*Records shown*

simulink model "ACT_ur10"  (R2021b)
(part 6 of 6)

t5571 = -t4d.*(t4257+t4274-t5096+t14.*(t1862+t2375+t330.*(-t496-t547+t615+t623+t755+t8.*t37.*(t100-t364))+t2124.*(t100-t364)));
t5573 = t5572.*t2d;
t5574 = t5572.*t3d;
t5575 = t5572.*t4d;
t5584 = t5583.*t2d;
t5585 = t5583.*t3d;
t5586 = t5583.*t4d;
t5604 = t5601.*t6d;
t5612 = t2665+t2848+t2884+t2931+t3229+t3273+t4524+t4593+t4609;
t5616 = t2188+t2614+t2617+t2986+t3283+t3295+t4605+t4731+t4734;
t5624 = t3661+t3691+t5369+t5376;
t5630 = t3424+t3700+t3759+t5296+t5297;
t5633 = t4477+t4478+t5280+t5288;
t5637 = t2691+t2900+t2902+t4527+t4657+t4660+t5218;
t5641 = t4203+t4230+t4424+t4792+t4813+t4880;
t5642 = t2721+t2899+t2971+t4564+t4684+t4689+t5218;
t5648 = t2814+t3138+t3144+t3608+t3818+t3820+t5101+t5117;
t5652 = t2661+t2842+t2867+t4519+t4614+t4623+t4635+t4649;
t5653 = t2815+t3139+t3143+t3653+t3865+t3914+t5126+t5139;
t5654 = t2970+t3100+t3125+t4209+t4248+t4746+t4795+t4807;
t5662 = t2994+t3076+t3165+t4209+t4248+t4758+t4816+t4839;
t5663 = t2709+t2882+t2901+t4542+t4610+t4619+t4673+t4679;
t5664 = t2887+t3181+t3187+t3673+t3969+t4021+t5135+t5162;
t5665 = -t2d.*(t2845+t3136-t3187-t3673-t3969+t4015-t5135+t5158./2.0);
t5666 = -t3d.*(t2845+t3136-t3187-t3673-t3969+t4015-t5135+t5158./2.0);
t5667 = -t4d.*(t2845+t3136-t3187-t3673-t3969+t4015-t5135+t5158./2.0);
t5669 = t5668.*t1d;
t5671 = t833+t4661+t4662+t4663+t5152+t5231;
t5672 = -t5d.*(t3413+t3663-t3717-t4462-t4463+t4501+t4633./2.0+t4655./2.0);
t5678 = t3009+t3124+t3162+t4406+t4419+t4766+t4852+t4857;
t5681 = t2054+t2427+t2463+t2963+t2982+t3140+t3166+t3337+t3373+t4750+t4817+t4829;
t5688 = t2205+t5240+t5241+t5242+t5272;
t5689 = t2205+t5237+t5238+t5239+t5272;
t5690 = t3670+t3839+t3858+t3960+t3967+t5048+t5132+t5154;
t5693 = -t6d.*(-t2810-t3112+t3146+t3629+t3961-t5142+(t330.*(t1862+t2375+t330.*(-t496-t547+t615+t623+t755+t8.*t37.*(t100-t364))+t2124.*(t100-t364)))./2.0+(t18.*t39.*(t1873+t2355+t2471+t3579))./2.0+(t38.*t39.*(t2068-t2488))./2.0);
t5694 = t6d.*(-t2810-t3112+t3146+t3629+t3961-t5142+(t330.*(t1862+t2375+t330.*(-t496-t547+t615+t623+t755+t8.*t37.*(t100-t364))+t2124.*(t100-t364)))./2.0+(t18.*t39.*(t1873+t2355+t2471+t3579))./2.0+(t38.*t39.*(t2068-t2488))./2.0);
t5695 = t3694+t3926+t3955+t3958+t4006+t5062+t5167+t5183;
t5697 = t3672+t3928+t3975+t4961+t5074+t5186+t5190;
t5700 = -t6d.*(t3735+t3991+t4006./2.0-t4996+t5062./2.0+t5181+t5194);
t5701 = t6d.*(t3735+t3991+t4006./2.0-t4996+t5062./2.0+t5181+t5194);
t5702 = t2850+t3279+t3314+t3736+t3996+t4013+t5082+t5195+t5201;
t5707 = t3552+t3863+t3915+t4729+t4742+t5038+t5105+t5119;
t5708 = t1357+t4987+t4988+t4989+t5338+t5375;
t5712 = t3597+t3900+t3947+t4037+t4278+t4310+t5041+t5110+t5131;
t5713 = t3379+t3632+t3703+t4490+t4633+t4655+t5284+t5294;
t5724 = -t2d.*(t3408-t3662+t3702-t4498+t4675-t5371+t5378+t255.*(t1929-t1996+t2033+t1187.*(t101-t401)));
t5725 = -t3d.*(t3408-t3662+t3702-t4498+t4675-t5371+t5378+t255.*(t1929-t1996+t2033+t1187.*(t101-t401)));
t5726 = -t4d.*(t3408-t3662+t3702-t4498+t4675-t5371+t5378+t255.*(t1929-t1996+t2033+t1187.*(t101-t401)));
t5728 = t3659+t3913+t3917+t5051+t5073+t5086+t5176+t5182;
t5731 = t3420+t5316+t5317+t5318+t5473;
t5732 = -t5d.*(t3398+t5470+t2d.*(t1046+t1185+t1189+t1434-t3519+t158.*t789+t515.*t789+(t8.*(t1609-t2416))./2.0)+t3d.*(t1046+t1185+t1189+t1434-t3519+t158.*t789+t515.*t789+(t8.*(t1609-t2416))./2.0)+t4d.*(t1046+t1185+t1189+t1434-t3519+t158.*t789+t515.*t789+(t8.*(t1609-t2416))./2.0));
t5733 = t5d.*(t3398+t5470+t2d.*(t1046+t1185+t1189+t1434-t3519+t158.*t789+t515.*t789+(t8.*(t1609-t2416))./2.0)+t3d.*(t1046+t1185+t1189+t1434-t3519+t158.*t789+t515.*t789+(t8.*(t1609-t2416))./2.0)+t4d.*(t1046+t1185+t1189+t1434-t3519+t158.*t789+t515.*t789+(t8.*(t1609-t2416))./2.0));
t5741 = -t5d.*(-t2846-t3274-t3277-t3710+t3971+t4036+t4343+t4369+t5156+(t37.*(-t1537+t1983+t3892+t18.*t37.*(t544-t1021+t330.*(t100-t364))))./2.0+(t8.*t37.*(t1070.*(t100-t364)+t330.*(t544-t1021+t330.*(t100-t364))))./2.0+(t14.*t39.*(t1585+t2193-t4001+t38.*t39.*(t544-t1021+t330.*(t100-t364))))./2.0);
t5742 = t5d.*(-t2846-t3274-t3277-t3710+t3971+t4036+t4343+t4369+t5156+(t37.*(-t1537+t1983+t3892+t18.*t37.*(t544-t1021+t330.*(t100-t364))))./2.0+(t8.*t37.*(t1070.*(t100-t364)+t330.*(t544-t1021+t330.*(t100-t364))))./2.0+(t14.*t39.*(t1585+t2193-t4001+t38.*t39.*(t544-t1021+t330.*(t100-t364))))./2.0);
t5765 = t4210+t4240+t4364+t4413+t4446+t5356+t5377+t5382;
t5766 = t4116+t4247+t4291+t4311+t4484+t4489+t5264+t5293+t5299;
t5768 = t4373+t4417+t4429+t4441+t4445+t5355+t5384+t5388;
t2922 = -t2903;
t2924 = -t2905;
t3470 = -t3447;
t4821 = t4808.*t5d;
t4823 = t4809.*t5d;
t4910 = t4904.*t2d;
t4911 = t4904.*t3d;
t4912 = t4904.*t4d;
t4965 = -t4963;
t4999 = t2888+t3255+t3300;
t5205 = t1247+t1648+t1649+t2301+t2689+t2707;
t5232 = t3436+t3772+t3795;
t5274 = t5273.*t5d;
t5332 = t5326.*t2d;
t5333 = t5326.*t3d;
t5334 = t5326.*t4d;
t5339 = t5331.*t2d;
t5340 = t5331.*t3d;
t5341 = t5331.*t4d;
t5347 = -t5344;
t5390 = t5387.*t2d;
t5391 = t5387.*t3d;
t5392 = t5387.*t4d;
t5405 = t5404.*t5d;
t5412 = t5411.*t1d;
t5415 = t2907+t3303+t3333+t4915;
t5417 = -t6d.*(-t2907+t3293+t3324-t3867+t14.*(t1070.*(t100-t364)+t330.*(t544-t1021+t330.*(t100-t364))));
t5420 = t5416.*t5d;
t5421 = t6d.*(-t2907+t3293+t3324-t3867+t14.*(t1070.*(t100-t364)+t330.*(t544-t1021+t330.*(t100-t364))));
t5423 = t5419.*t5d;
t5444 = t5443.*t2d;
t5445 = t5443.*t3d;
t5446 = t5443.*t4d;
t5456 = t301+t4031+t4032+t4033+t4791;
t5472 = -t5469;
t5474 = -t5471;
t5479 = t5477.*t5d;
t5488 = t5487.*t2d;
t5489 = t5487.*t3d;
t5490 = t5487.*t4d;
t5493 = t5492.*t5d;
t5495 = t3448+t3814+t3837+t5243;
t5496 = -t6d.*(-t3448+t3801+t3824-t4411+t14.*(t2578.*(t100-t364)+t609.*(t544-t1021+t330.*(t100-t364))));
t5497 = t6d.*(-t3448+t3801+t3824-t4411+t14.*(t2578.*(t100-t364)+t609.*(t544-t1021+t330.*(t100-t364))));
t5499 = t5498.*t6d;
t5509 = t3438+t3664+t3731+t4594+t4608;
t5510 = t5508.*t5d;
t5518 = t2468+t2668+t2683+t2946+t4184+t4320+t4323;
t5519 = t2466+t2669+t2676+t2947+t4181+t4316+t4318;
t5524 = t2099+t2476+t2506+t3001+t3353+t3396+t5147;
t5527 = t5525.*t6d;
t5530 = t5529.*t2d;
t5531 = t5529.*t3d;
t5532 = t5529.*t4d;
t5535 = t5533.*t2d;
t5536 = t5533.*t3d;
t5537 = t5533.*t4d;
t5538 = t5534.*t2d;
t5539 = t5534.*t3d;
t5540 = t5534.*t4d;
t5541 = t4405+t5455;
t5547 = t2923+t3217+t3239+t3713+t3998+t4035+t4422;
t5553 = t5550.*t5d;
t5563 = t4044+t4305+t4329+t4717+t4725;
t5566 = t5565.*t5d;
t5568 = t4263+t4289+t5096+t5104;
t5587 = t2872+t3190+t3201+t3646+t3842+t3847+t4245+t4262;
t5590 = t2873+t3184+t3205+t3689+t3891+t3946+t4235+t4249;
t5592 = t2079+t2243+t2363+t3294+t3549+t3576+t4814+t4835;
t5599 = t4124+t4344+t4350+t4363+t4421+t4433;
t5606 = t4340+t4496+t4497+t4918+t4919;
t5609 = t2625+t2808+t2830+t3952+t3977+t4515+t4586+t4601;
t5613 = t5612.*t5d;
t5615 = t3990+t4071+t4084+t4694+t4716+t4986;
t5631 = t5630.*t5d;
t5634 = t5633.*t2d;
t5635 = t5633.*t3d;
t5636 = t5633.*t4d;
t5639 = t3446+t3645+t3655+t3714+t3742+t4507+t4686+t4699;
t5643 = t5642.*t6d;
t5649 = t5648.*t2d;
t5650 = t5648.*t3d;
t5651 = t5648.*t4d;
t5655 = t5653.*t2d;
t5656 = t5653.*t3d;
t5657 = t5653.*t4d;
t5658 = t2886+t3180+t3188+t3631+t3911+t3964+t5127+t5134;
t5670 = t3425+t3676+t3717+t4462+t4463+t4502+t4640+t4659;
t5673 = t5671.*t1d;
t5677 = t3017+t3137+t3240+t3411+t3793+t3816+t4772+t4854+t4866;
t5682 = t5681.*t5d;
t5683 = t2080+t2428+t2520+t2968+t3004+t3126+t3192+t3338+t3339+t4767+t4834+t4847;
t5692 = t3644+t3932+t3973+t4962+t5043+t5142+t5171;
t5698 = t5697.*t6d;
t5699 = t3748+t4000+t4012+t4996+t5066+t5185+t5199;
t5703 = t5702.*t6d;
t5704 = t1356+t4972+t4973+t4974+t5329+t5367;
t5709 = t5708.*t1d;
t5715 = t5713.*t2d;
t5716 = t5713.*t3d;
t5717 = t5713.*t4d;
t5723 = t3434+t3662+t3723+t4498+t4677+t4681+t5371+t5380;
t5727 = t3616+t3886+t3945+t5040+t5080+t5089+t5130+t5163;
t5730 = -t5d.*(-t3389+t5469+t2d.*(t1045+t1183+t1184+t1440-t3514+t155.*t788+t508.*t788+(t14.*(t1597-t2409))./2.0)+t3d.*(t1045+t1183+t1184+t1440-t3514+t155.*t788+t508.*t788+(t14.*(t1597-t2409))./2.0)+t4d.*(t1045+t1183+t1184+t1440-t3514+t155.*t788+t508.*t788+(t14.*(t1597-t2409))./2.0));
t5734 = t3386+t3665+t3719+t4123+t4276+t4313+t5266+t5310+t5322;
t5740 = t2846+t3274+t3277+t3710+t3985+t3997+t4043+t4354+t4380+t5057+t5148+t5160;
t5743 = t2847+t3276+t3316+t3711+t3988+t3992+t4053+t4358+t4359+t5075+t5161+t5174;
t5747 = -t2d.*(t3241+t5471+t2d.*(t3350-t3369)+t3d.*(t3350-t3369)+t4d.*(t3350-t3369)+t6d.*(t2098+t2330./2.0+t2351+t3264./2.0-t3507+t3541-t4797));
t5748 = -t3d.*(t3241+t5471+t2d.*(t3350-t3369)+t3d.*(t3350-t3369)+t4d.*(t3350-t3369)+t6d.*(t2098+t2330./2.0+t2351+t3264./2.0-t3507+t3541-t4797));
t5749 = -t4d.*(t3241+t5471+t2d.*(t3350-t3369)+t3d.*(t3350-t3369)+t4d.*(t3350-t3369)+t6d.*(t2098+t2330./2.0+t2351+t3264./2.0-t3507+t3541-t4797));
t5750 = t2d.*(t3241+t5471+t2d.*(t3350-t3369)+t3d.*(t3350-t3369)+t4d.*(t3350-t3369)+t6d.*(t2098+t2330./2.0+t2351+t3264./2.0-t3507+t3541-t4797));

*Exercise brief*
Could you restate word for word the lines above, from the one that contains "t5599 = t4124+t4344+t4350+t4363+t4421+t4433;" through the one that contains "t5723 = t3434+t3662+t3723+t4498+t4677+t4681+t5371+t5380;", and no others?

*Written answer*
t5599 = t4124+t4344+t4350+t4363+t4421+t4433;
t5606 = t4340+t4496+t4497+t4918+t4919;
t5609 = t2625+t2808+t2830+t3952+t3977+t4515+t4586+t4601;
t5613 = t5612.*t5d;
t5615 = t3990+t4071+t4084+t4694+t4716+t4986;
t5631 = t5630.*t5d;
t5634 = t5633.*t2d;
t5635 = t5633.*t3d;
t5636 = t5633.*t4d;
t5639 = t3446+t3645+t3655+t3714+t3742+t4507+t4686+t4699;
t5643 = t5642.*t6d;
t5649 = t5648.*t2d;
t5650 = t5648.*t3d;
t5651 = t5648.*t4d;
t5655 = t5653.*t2d;
t5656 = t5653.*t3d;
t5657 = t5653.*t4d;
t5658 = t2886+t3180+t3188+t3631+t3911+t3964+t5127+t5134;
t5670 = t3425+t3676+t3717+t4462+t4463+t4502+t4640+t4659;
t5673 = t5671.*t1d;
t5677 = t3017+t3137+t3240+t3411+t3793+t3816+t4772+t4854+t4866;
t5682 = t5681.*t5d;
t5683 = t2080+t2428+t2520+t2968+t3004+t3126+t3192+t3338+t3339+t4767+t4834+t4847;
t5692 = t3644+t3932+t3973+t4962+t5043+t5142+t5171;
t5698 = t5697.*t6d;
t5699 = t3748+t4000+t4012+t4996+t5066+t5185+t5199;
t5703 = t5702.*t6d;
t5704 = t1356+t4972+t4973+t4974+t5329+t5367;
t5709 = t5708.*t1d;
t5715 = t5713.*t2d;
t5716 = t5713.*t3d;
t5717 = t5713.*t4d;
t5723 = t3434+t3662+t3723+t4498+t4677+t4681+t5371+t5380;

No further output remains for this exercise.